The only flaw here is that no two people respond to training the same. The guys not doing the negative phase my be genetically better at mass building. Great point though about size and strength not being related as much as people think. If you goal is to look big then you don't need to lift heavy. If your goal is to be strong then you don't need to gain pure size, but more muscle density.

Westsnoop- Yes you will get somewhere around the same time under tension. The difference will be where the strength phase and where the hypertrophy phase is in accordance with how you are lifting.

Cheers,
Scotsman
 
Good question. All I know from what I've heard is that the negative phase helps to tear down the tissue more. That's where the real damage is caused, thusly resulting in greater hypertrophy development. Maybe that information is flawed, but it makes sense to me.

Though, I do notice that really slow negatives help in activating muscle fibers more effectively and/or increasing strength. That I learned through training DC style for a bit.
 
Tom Treutlein said:
Good question. All I know from what I've heard is that the negative phase helps to tear down the tissue more. That's where the real damage is caused, thusly resulting in greater hypertrophy development. Maybe that information is flawed, but it makes sense to me.

Though, I do notice that really slow negatives help in activating muscle fibers more effectively and/or increasing strength. That I learned through training DC style for a bit.


i agree with that, but i was wondering if twice as many positives would have the same effect as an equal amount of pos and negs. it kinda makes sense
 
Scotsman said:
no two people respond to training the same

that is your answer... everything else is theory.... see how it works for you...
 
oak, my answer is I have no idea. It's impossible to quantify exactly how much weight would make a concentric have the same muscle-building effect as an eccentric. Twice as much? Three times as much?

All I know is that the weight needs to be supported during the eccentric for noticeable muscle growth.

A couple studies come to mind.

The first one, they compared concentric-only reps and eccentric-only reps to full reps (both con and ecc done each time). They found that concentrics had 5% of the growth of both, and that eccentrics had 80+%.

Another one, and I remember this because it was the only study I've seen that had a HST-like protocol. They hung weight from a rat, and made it climb a cute little ladder. Over the course of a few weeks, the progressively increased the weight. Afterwards, they examined the muscle change in its limbs, and found that the only muscle that grew was the one that had an eccentric.

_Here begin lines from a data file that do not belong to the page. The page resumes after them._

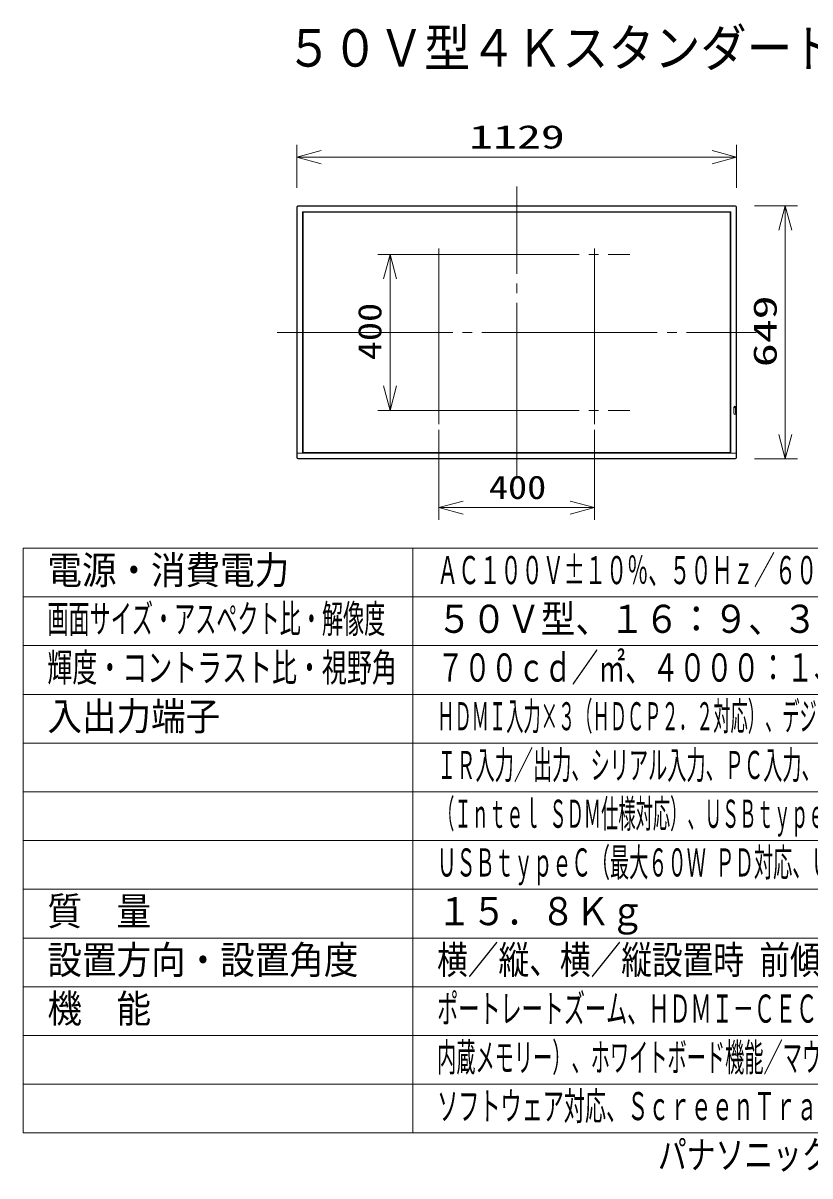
# Model space of a CAD drawing. Units: millimetres on the paper. Extents: x -63 to 65, y -59 to 59.
# Drawn here: x -62.6 to 18.2, y -58.9 to 59.4 of the extents above; entities that cross this region are included whole.
import ezdxf
from ezdxf.enums import TextEntityAlignment as Align

# ---------------------------------------------------------------- set-up
doc = ezdxf.new("R2010")
doc.units = ezdxf.units.MM
doc.linetypes.add('LONG_CHAIN', pattern=[21, 18, -1, 1, -1])
doc.layers.add('0-0_MOJI1', color=7, linetype='Continuous')
doc.layers.add('0-1_相当品', color=4, linetype='Continuous')
for name, color, linetype, lineweight in [('0-2_WAKU', 4, 'Continuous', 9), ('0-3_GAIKEI', 4, 'Continuous', 9), ('0-4_SUNPOU', 7, 'Continuous', 9), ('0-5_0', 7, 'Continuous', 9)]:
    doc.layers.add(name, color=color, linetype=linetype, lineweight=lineweight)
doc.styles.add('ＭＳ ゴシック', font='')
doc.styles.get('ＭＳ ゴシック').set_extended_font_data('MS Gothic')

# ---------------------------------------------------------------- blocks, each defined once
blk = doc.blocks.new('_Open30')
at = {"layer": '0-5_0'}
blk.add_line((0, 0), (-1, 0), dxfattribs=at)
blk.add_lwpolyline([(-1, 0.2679), (0, 0), (-1, -0.2679)], dxfattribs=at)

msp = doc.modelspace()

# ---------------------------------------------------------------- linework, layer by layer
at = {"layer": '0-2_WAKU', "color": 3}
for p, q in [((62.448, 5.506), (-62.552, 5.506)), ((-62.552, -54.494), (-62.552, 5.506)), ((-22.552, -54.494), (-22.552, 5.506)), ((-62.552, -54.494), (62.448, -54.494))]:
    msp.add_line(p, q, dxfattribs=at)
at = {"layer": '0-2_WAKU'}
for p, q in [((62.448, 0.506), (-62.552, 0.506)), ((62.448, -4.494), (-62.552, -4.494)), ((62.448, -9.494), (-62.552, -9.494)), ((62.448, -14.494), (-62.552, -14.494)), ((62.448, -19.494), (-62.552, -19.494)), ((-62.552, -24.494), (62.448, -24.494)), ((-62.552, -29.494), (62.448, -29.494)), ((-62.552, -34.494), (62.448, -34.494)), ((-62.552, -39.494), (62.448, -39.494)), ((-62.552, -44.494), (62.448, -44.494)), ((-62.552, -49.494), (62.448, -49.494))]:
    msp.add_line(p, q, dxfattribs=at)
at = {"layer": '0-3_GAIKEI', "color": 134, "linetype": 'LONG_CHAIN'}
for p, q in [((-11.887, 12.672), (-11.887, 42.632)), ((-19.887, 18.248), (-19.887, 37.056)), ((-3.887, 18.248), (-3.887, 37.056)), ((-23.491, 35.652), (-0.283, 35.652)), ((-36.456, 27.652), (12.682, 27.652)), ((-23.491, 19.652), (-0.283, 19.652))]:
    msp.add_line(p, q, dxfattribs=at)
at = {"layer": '0-3_GAIKEI'}
for p, q in [((-34.424, 40.512), (-34.456, 40.512)), ((-34.424, 40.512), (-34.424, 14.792)), ((-34.336, 40.632), (-34.336, 40.6)), ((10.562, 40.6), (-34.336, 40.6)), ((10.562, 40.6), (10.562, 40.632)), ((10.682, 40.512), (10.65, 40.512)), ((10.65, 14.792), (10.65, 40.512)), ((-33.787, 39.972), (10.013, 39.972)), ((-33.787, 15.332), (-33.787, 39.972)), ((-33.761, 39.972), (-33.761, 39.98)), ((-33.761, 39.98), (10.072, 39.98)), ((10.013, 39.972), (10.013, 15.332)), ((10.086, 40.036), (10.086, 15.268)), ((10.412, 19.988), (10.414, 19.988)), ((10.412, 19.328), (10.412, 19.988)), ((10.412, 19.328), (10.414, 19.328)), ((10.414, 19.988), (10.414, 19.328)), ((10.539, 20.002), (10.539, 19.998)), ((10.539, 19.938), (10.539, 19.935)), ((10.544, 19.995), (10.544, 19.99)), ((10.544, 19.946), (10.544, 19.942)), ((10.551, 19.962), (10.551, 19.975)), ((10.585, 19.328), (10.585, 19.988)), ((10.588, 19.988), (10.585, 19.988)), ((10.588, 19.328), (10.585, 19.328)), ((10.588, 19.988), (10.588, 19.328)), ((-34.456, 15.268), (10.682, 15.268)), ((-34.456, 14.792), (-34.424, 14.792)), ((-34.336, 14.704), (-34.336, 14.672)), ((-34.336, 14.704), (10.562, 14.704)), ((10.013, 15.332), (-33.787, 15.332)), ((10.562, 14.672), (10.562, 14.704)), ((10.65, 14.792), (10.682, 14.792))]:
    msp.add_line(p, q, dxfattribs=at)
at = {"layer": '0-3_GAIKEI', "color": 7}
for p, q in [((-34.456, 14.792), (-34.456, 40.512)), ((-34.336, 40.632), (10.562, 40.632)), ((10.682, 40.512), (10.682, 14.792)), ((10.562, 14.672), (-34.336, 14.672))]:
    msp.add_line(p, q, dxfattribs=at)
at = {"layer": '0-3_GAIKEI'}
for points in [[(-33.86, 15.268), (-33.86, 40.036), (10.086, 40.036)], [(10.072, 39.98), (10.072, 15.324), (-33.761, 15.324), (-33.761, 15.332)]]:
    msp.add_lwpolyline(points, dxfattribs=at)
for radius in [0.052, 0.05]:
    msp.add_circle((10.5, 19.968), radius, dxfattribs=at)
at = {"layer": '0-3_GAIKEI', "color": 7}
for centre, start, end in [((-34.336, 40.512), 90, 180), ((10.562, 40.512), 360, 90), ((-34.336, 14.792), 180, 270), ((10.562, 14.792), 270, 0)]:
    msp.add_arc(centre, 0.12, start, end, dxfattribs=at)
at = {"layer": '0-3_GAIKEI'}
for centre, radius, start, end in [((-34.336, 40.512), 0.088, 90, 180), ((10.562, 40.512), 0.088, 0, 90), ((10.5, 19.988), 0.088, 0, 180), ((10.5, 19.328), 0.088, 180, 0), ((10.5, 19.988), 0.0854, 0, 180), ((10.5, 19.328), 0.0854, 180, 0), ((-34.336, 14.792), 0.088, 180, 270), ((10.562, 14.792), 0.088, 270, 360)]:
    msp.add_arc(centre, radius, start, end, dxfattribs=at)
at = {"layer": '0-4_SUNPOU'}
for p, q in [((-34.456, 42.475), (-34.456, 46.882)), ((10.682, 42.475), (10.682, 46.882)), ((-31.956, 45.632), (8.182, 45.632)), ((12.525, 40.632), (16.932, 40.632)), ((15.682, 38.132), (15.682, 17.172)), ((-21.887, 35.652), (-26.137, 35.652)), ((-24.887, 33.152), (-24.887, 22.152)), ((-21.887, 19.652), (-26.137, 19.652)), ((-19.887, 17.652), (-19.887, 8.422)), ((-3.887, 17.652), (-3.887, 8.422)), ((12.525, 14.672), (16.932, 14.672)), ((-17.387, 9.672), (-6.387, 9.672))]:
    msp.add_line(p, q, dxfattribs=at)

# ---------------------------------------------------------------- block references
at = {"layer": '0-4_SUNPOU', "xscale": 2.5, "yscale": 2.5}
for p, rotation in [((-34.456, 45.632), 180), ((15.682, 40.632), 90), ((-24.887, 35.652), 90), ((-24.887, 19.652), 270), ((15.682, 14.672), 270), ((-19.887, 9.672), 180)]:
    msp.add_blockref('_Open30', p, dxfattribs=dict(at, rotation=rotation))
for p in [(10.682, 45.632), (-3.887, 9.672)]:
    msp.add_blockref('_Open30', p, dxfattribs=at)

# ---------------------------------------------------------------- texts
at = {"layer": '0-0_MOJI1', "style": 'ＭＳ ゴシック'}
for s, height, width, p in [('５０Ｖ型４Ｋスタンダード液晶ディスプレイ', 3.849, 0.9, (-35.552, 53.765)), ('電源・消費電力', 2.889, 0.9, (-60.052, 0.95)), ('ＡＣ１００Ｖ±１０％、５０Ｈｚ／６０Ｈｚ、２７５Ｗ（動作時平均消費電力１５２Ｗ）', 2.889, 0.55, (-20.052, 0.95)), ('画面サイズ・アスペクト比・解像度', 2.889, 0.55, (-60.052, -4.05)), ('５０Ｖ型、１６：９、３８４０×２１６０', 2.889, 0.9, (-20.052, -4.05)), ('輝度・コントラスト比・視野角', 2.889, 0.65, (-60.052, -9.05)), ('７００ｃｄ／㎡、４０００：１、１７８°／１７８°（ＣＲ＞１０）', 2.889, 0.7, (-20.052, -9.05)), ('入出力端子', 2.889, 0.9, (-60.052, -14.05)), ('ＨＤＭＩ入力×３（ＨＤＣＰ２．２対応）、デジタルリンク入力／出力（ＨＤＣＰ１．４対応）、', 2.886, 0.45, (-20.052, -14.05)), ('ＩＲ入力／出力、シリアル入力、ＰＣ入力、音声入力/出力、センサー入力、ＬＡＮ、スロット', 2.886, 0.5, (-20.052, -19.05)), ('（Ｉｎｔｅｌ ＳＤＭ仕様対応）、ＵＳＢｔｙｐｅＡ×２（ＵＳＢ３．０対応、ＵＳＢ２．０対応）、', 2.886, 0.45, (-20.052, -24.05)), ('ＵＳＢｔｙｐｅＣ（最大６０Ｗ ＰＤ対応、ＵＳＢ２．０対応、ＤＰ Ａｌｔ Ｍｏｄｅ対応）  ', 2.889, 0.5, (-20.052, -29.05)), ('質\u3000量', 2.889, 0.9, (-60.052, -34.05)), ('１５．８Ｋｇ', 2.889, 0.9, (-20.052, -34.05)), ('設置方向・設置角度', 2.889, 0.9, (-60.052, -39.05)), ('横／縦、横／縦設置時 前傾０～２０度 後傾０～２０度', 2.886, 0.8, (-20.052, -39.05)), ('機\u3000能', 2.889, 0.9, (-60.052, -44.05)), ('ポートレートズーム、ＨＤＭＩ－ＣＥＣ対応、メディアプレイヤー（ＵＳＢメモリー／', 2.889, 0.55, (-20.052, -44.05)), ('内蔵メモリー）、ホワイトボード機能／マウスアノテーション、コンテンツマネージメント', 2.889, 0.5, (-20.052, -49.05)), ('ソフトウェア対応、ＳｃｒｅｅｎＴｒａｎｓｆｅｒ対応、２４時間連続稼働／日', 2.889, 0.55, (-20.052, -54.05))]:
    msp.add_text(s, height=height, dxfattribs=dict(at, width=width)).set_placement(p, align=Align.BOTTOM_LEFT)
at = {"layer": '0-1_相当品', "style": 'ＭＳ ゴシック', "width": 0.75}
msp.add_text('パナソニック：ＴＨ－５０ＳＱ２ＨＪ\u3000相当品', height=2.886, dxfattribs=at).set_placement((2.608, -59.05), align=Align.BOTTOM_LEFT)
at = {"layer": '0-4_SUNPOU', "style": 'ＭＳ ゴシック'}
for s, width, p in [('1129', 1.5, (-16.768, 45.795)), ('400', 1.2, (-14.744, 9.834))]:
    msp.add_text(s, height=2.405, dxfattribs=dict(at, width=width)).set_placement(p, align=Align.BOTTOM_LEFT)
for s, width, p in [('649', 1.5, (15.519, 24.081)), ('400', 1.2, (-25.05, 24.795))]:
    msp.add_text(s, height=2.405, rotation=90, dxfattribs=dict(at, width=width)).set_placement(p, align=Align.BOTTOM_LEFT)

doc.saveas('drawing.dxf')

So the question is how much eccentric do you need? My personal opinion based on some evidence is that you want a moderate eccentric. I think DC's recommendations of 6 full seconds is way overboard. I personally don't think about it other than making sure the eccentric speed is moderate smooth (meaning I know I'm supporting the weight instead of letting it fall). It would probably be a 2-count for most exercises.
 
why would anyone want to hold back their concentric? explosive concentrics are the result of white fibers! holding them back doesnt do a damn thing but work intermediate and slow twitch. unless someone is truly pushing their hardest and it takes 3 seconds. if thats the case, i would venture to say that a 3 second negative and multi reps would not be a possibility.
 
I do my reps as fast as possible...but I don't bounce.

My chest isn't "tiny".

B True
 
casualbb said:
So the question is how much eccentric do you need? My personal opinion based on some evidence is that you want a moderate eccentric. I think DC's recommendations of 6 full seconds is way overboard. I personally don't think about it other than making sure the eccentric speed is moderate smooth (meaning I know I'm supporting the weight instead of letting it fall). It would probably be a 2-count for most exercises.

I agree.

DC's actually of that opinion as well...as I understand it, he suggested a 6 count on negatives because most people he watched would count very fast (like "123456!" over the course of 1.5 seconds, tops ;) ). He's since told people to simply control their negatives and not worry about the timing.